With the completion of the reference genome, the 1000 Genomes Project (human) and the 1001 Genomes Project (Arabidopsis) have been performed using second generation sequencing techniques [1]. The single nucleotide polymorphisms (SNP) identified within the human population have been widely used in genome-wide association studies (GWAS) for multiple human diseases [2], [3], and complex trait loci in Arabidopsis, maize, and rice have also been identified by GWAS [4][7]. In plants, the identification of trait loci by high-resolution linkage mapping utilizing SNPs as markers in biparental cross populations provides a powerful complementary strategy to GWAS in a natural population [8][10]. At the genome-wide sequencing level, the distinction between the GWAS study, based on linkage disequilibrum (LD), and linkage mapping vanishes [11]. Compared to GWAS, linkage mapping has less generation and offspring from a biparental cross to shuffle the genome into smaller fragments, while GWAS exploits all of the recombination events that have occurred in the evolutionary history, which produces much higher mapping resolution. However, GWAS has little power to detect associations in low frequency alleles and QTL with small effects. In addition to possessing the sensitivity to detect QTL with low LOD, another advantage of linkage mapping is that the population from biparental cross can be further used for map-based cloning of the exact genes.
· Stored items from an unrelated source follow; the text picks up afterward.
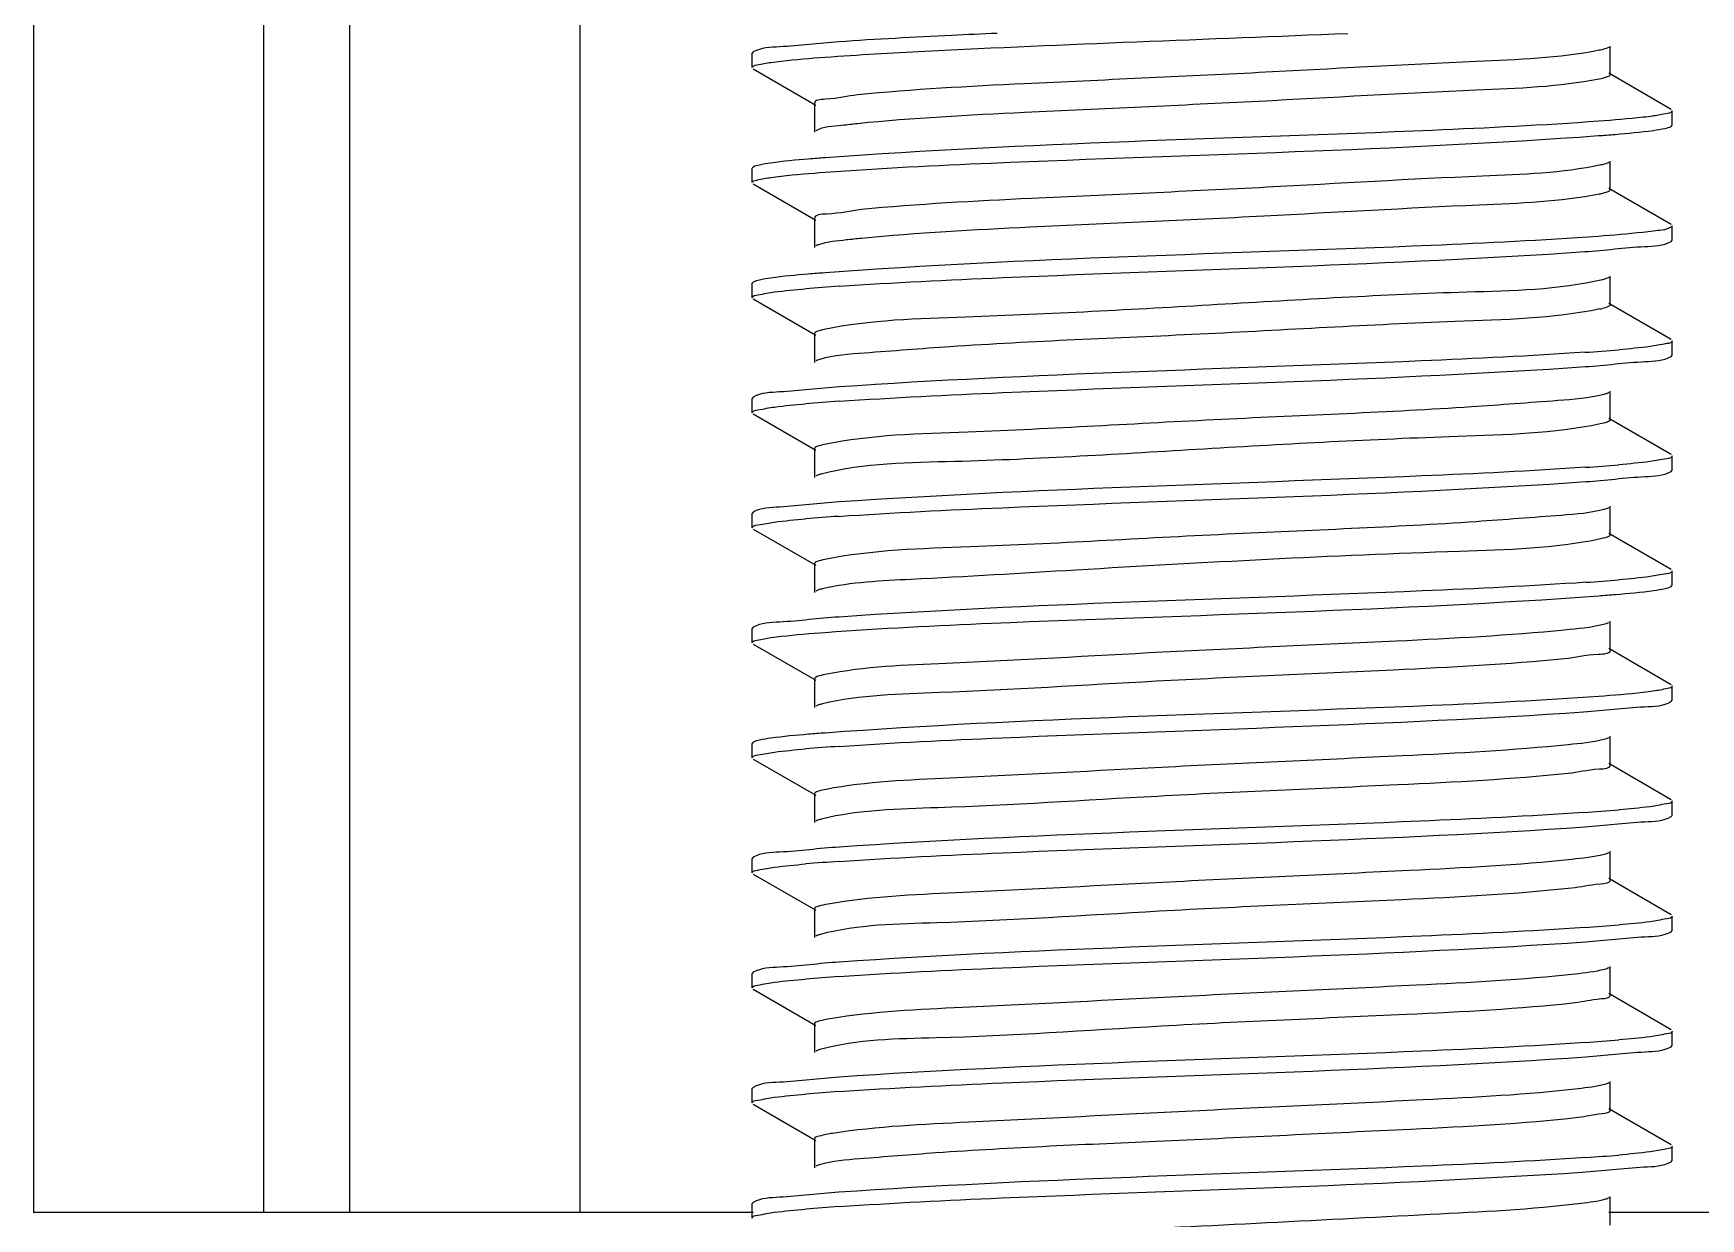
# Model space of a CAD drawing. Extents: x 4995099 to 5303443, y 4627657 to 4889583.
# Drawn here: x 5045631.6 to 5046063.1, y 4732018.1 to 4732324.8 of the extents above; entities that cross this region are included whole.
import ezdxf

# ---------------------------------------------------------------- set-up
doc = ezdxf.new("R2010")
doc.units = 0
doc.header["$LTSCALE"] = 1000
doc.header["$MEASUREMENT"] = 0
doc.layers.get('0').update_dxf_attribs({"color": 4, "linetype": 'CONTINUOUS'})

msp = doc.modelspace()

# ---------------------------------------------------------------- linework, layer by layer
at = {"linetype": 'Continuous'}
for p, q in [((5045631.61, 4737945.93), (5045631.61, 4732019.65)), ((5045691.14, 4737945.93), (5045691.14, 4732019.65)), ((5045713.46, 4737945.93), (5045713.46, 4732019.65)), ((5045773, 4737945.93), (5045773, 4732019.65)), ((5046039.66, 4732314.03), (5046039.66, 4732321.47)), ((5045817.93, 4732319.94), (5045817.64, 4732319.61)), ((5045817.64, 4732315.89), (5045817.64, 4732319.61)), ((5045817.64, 4732315.89), (5045817.64, 4732319.61)), ((5045817.93, 4732315.56), (5045834.08, 4732306.21)), ((5046055.49, 4732305.05), (5046039.34, 4732314.41)), ((5045833.76, 4732306.59), (5045833.76, 4732299.15)), ((5046055.77, 4732301.01), (5046055.77, 4732304.73)), ((5046055.77, 4732301.01), (5046055.77, 4732304.73)), ((5046055.49, 4732300.68), (5046055.77, 4732301.01)), ((5046039.66, 4732284.26), (5046039.66, 4732291.71)), ((5045817.93, 4732290.17), (5045817.64, 4732289.85)), ((5045817.64, 4732286.13), (5045817.64, 4732289.85)), ((5045817.64, 4732286.13), (5045817.64, 4732289.85)), ((5045817.93, 4732285.8), (5045834.08, 4732276.45)), ((5046055.49, 4732275.29), (5046039.34, 4732284.64)), ((5045833.76, 4732276.82), (5045833.76, 4732269.38)), ((5046055.77, 4732271.24), (5046055.77, 4732274.96)), ((5046055.77, 4732271.24), (5046055.77, 4732274.96)), ((5046055.49, 4732270.92), (5046055.77, 4732271.24)), ((5046039.66, 4732254.5), (5046039.66, 4732261.94)), ((5045817.93, 4732260.41), (5045817.64, 4732260.08)), ((5045817.64, 4732256.36), (5045817.64, 4732260.08)), ((5045817.64, 4732256.36), (5045817.64, 4732260.08)), ((5045817.93, 4732256.03), (5045834.08, 4732246.68)), ((5046055.49, 4732245.52), (5046039.34, 4732254.88)), ((5045833.76, 4732247.06), (5045833.76, 4732239.62)), ((5046055.77, 4732241.48), (5046055.77, 4732245.2)), ((5046055.77, 4732241.48), (5046055.77, 4732245.2)), ((5046055.49, 4732241.15), (5046055.77, 4732241.48)), ((5045817.93, 4732230.64), (5045817.64, 4732230.31)), ((5045817.64, 4732226.59), (5045817.64, 4732230.31)), ((5045817.64, 4732226.59), (5045817.64, 4732230.31)), ((5046039.66, 4732224.73), (5046039.66, 4732232.17)), ((5045817.93, 4732226.27), (5045834.08, 4732216.91)), ((5046038.08, 4732223.9), (5046037.12, 4732223.68)), ((5046055.49, 4732215.76), (5046039.34, 4732225.11)), ((5045833.76, 4732217.29), (5045833.76, 4732209.85)), ((5046055.77, 4732211.71), (5046055.77, 4732215.43)), ((5046055.77, 4732211.71), (5046055.77, 4732215.43)), ((5046055.49, 4732211.38), (5046055.77, 4732211.71)), ((5045817.93, 4732200.87), (5045817.64, 4732200.55)), ((5045817.64, 4732196.83), (5045817.64, 4732200.55)), ((5045817.64, 4732196.83), (5045817.64, 4732200.55)), ((5046039.66, 4732194.97), (5046039.66, 4732202.41)), ((5045817.93, 4732196.5), (5045834.08, 4732187.15)), ((5046038.42, 4732194.23), (5046037.17, 4732193.92)), ((5046055.49, 4732185.99), (5046039.34, 4732195.34)), ((5045833.76, 4732187.53), (5045833.76, 4732180.08)), ((5046055.77, 4732181.94), (5046055.77, 4732185.66)), ((5046055.77, 4732181.94), (5046055.77, 4732185.66)), ((5046055.49, 4732181.62), (5046055.77, 4732181.94)), ((5045817.93, 4732171.11), (5045817.64, 4732170.78)), ((5045817.64, 4732167.06), (5045817.64, 4732170.78)), ((5045817.64, 4732167.06), (5045817.64, 4732170.78)), ((5046039.66, 4732165.2), (5046039.66, 4732172.64)), ((5045817.93, 4732166.73), (5045834.08, 4732157.38)), ((5046055.49, 4732156.22), (5046039.34, 4732165.58)), ((5045833.76, 4732157.76), (5045833.76, 4732150.32)), ((5046055.77, 4732152.18), (5046055.77, 4732155.9)), ((5046055.77, 4732152.18), (5046055.77, 4732155.9)), ((5046055.49, 4732151.85), (5046055.77, 4732152.18)), ((5045817.93, 4732141.34), (5045817.64, 4732141.02)), ((5045817.64, 4732137.3), (5045817.64, 4732141.02)), ((5045817.64, 4732137.3), (5045817.64, 4732141.02)), ((5046039.66, 4732135.43), (5046039.66, 4732142.88)), ((5045817.93, 4732136.97), (5045834.08, 4732127.62)), ((5046055.49, 4732126.46), (5046039.34, 4732135.81)), ((5045833.76, 4732127.99), (5045833.76, 4732120.55)), ((5046055.77, 4732122.41), (5046055.77, 4732126.13)), ((5046055.77, 4732122.41), (5046055.77, 4732126.13)), ((5046055.49, 4732122.09), (5046055.77, 4732122.41)), ((5045817.93, 4732111.58), (5045817.64, 4732111.25)), ((5045817.64, 4732107.53), (5045817.64, 4732111.25)), ((5045817.64, 4732107.53), (5045817.64, 4732111.25)), ((5046039.66, 4732105.67), (5046039.66, 4732113.11)), ((5045817.93, 4732107.2), (5045834.08, 4732097.85)), ((5046055.49, 4732096.69), (5046039.34, 4732106.05)), ((5045833.76, 4732098.23), (5045833.76, 4732090.79)), ((5046055.49, 4732092.32), (5046055.77, 4732092.65)), ((5046055.77, 4732092.65), (5046055.77, 4732096.37)), ((5046055.77, 4732092.65), (5046055.77, 4732096.37)), ((5045817.93, 4732081.81), (5045817.64, 4732081.48)), ((5045817.64, 4732077.76), (5045817.64, 4732081.48)), ((5045817.64, 4732077.76), (5045817.64, 4732081.48)), ((5046039.66, 4732075.9), (5046039.66, 4732083.34)), ((5045817.93, 4732077.44), (5045834.08, 4732068.08)), ((5046055.49, 4732066.93), (5046039.34, 4732076.28)), ((5045833.76, 4732068.46), (5045833.76, 4732061.02)), ((5046055.77, 4732062.88), (5046055.77, 4732066.6)), ((5046055.77, 4732062.88), (5046055.77, 4732066.6)), ((5046055.49, 4732062.55), (5046055.77, 4732062.88)), ((5046039.66, 4732046.14), (5046039.66, 4732053.58)), ((5045817.93, 4732052.04), (5045817.64, 4732051.72)), ((5045817.64, 4732048), (5045817.64, 4732051.72)), ((5045817.64, 4732048), (5045817.64, 4732051.72)), ((5045817.93, 4732047.67), (5045834.08, 4732038.32)), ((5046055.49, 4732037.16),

In rice, the SNPs and insertion/deletion (InDel) information between two subspecies (indica and japonica) is the basis for linkage mapping of trait loci in their cross population. Linkage mapping by genome resequencing of recombinant inbred lines opens the approaches to genotyping strategies for more effective genetic mapping and genome analysis. This method has substantially improved the efficiency of marker collection by allowing the detection of numerous markers in population of plant species whose genomes have been completely and accurately sequenced. But, it remains complex and ineffective in the species whose genome sequences are incomplete or inaccurate.

The species Brassica rapa include many important vegetable and oilseed crops, which are diverse in shape, size, curvature and inclination angles of leaves [12], [13]. Heading Chinese cabbage (B. rapa ssp. pekinensis) undergoes through three stages: seedling, rosette and heading. The seedling leaves and rosette leaves of heading and nonheading Chinese cabbage (B. rapa ssp. chinenesis) function in photosynthesis and respiration in the same way as the leaves of the other major crops, whereas the head leaves of heading Chinese cabbage serve as storage organs that supply mineral nutrients, crude fiber and vitamins of vegetables in the human diet. Head traits such as weight, size, shape, and heading time are the important components of vegetable yield and quality. In B. rapa, genetic linkage maps of some traits have been constructed using different kinds of molecular markers. Based on the analysis of gene function in trait loci, some well-known candidate genes have been identified [14][16]. Compared to the sequencing-based genotyping and linkage mapping in rice, the B. rapa crop presents some challenges. The published genome sequence of B. rapa ssp. pekinensis cv Chiifu-401-42 is 256 Mb in length, while 40 thousand scaffolds of 27-Mb (∼10%) remain unable to be located in a physical map [17], [18].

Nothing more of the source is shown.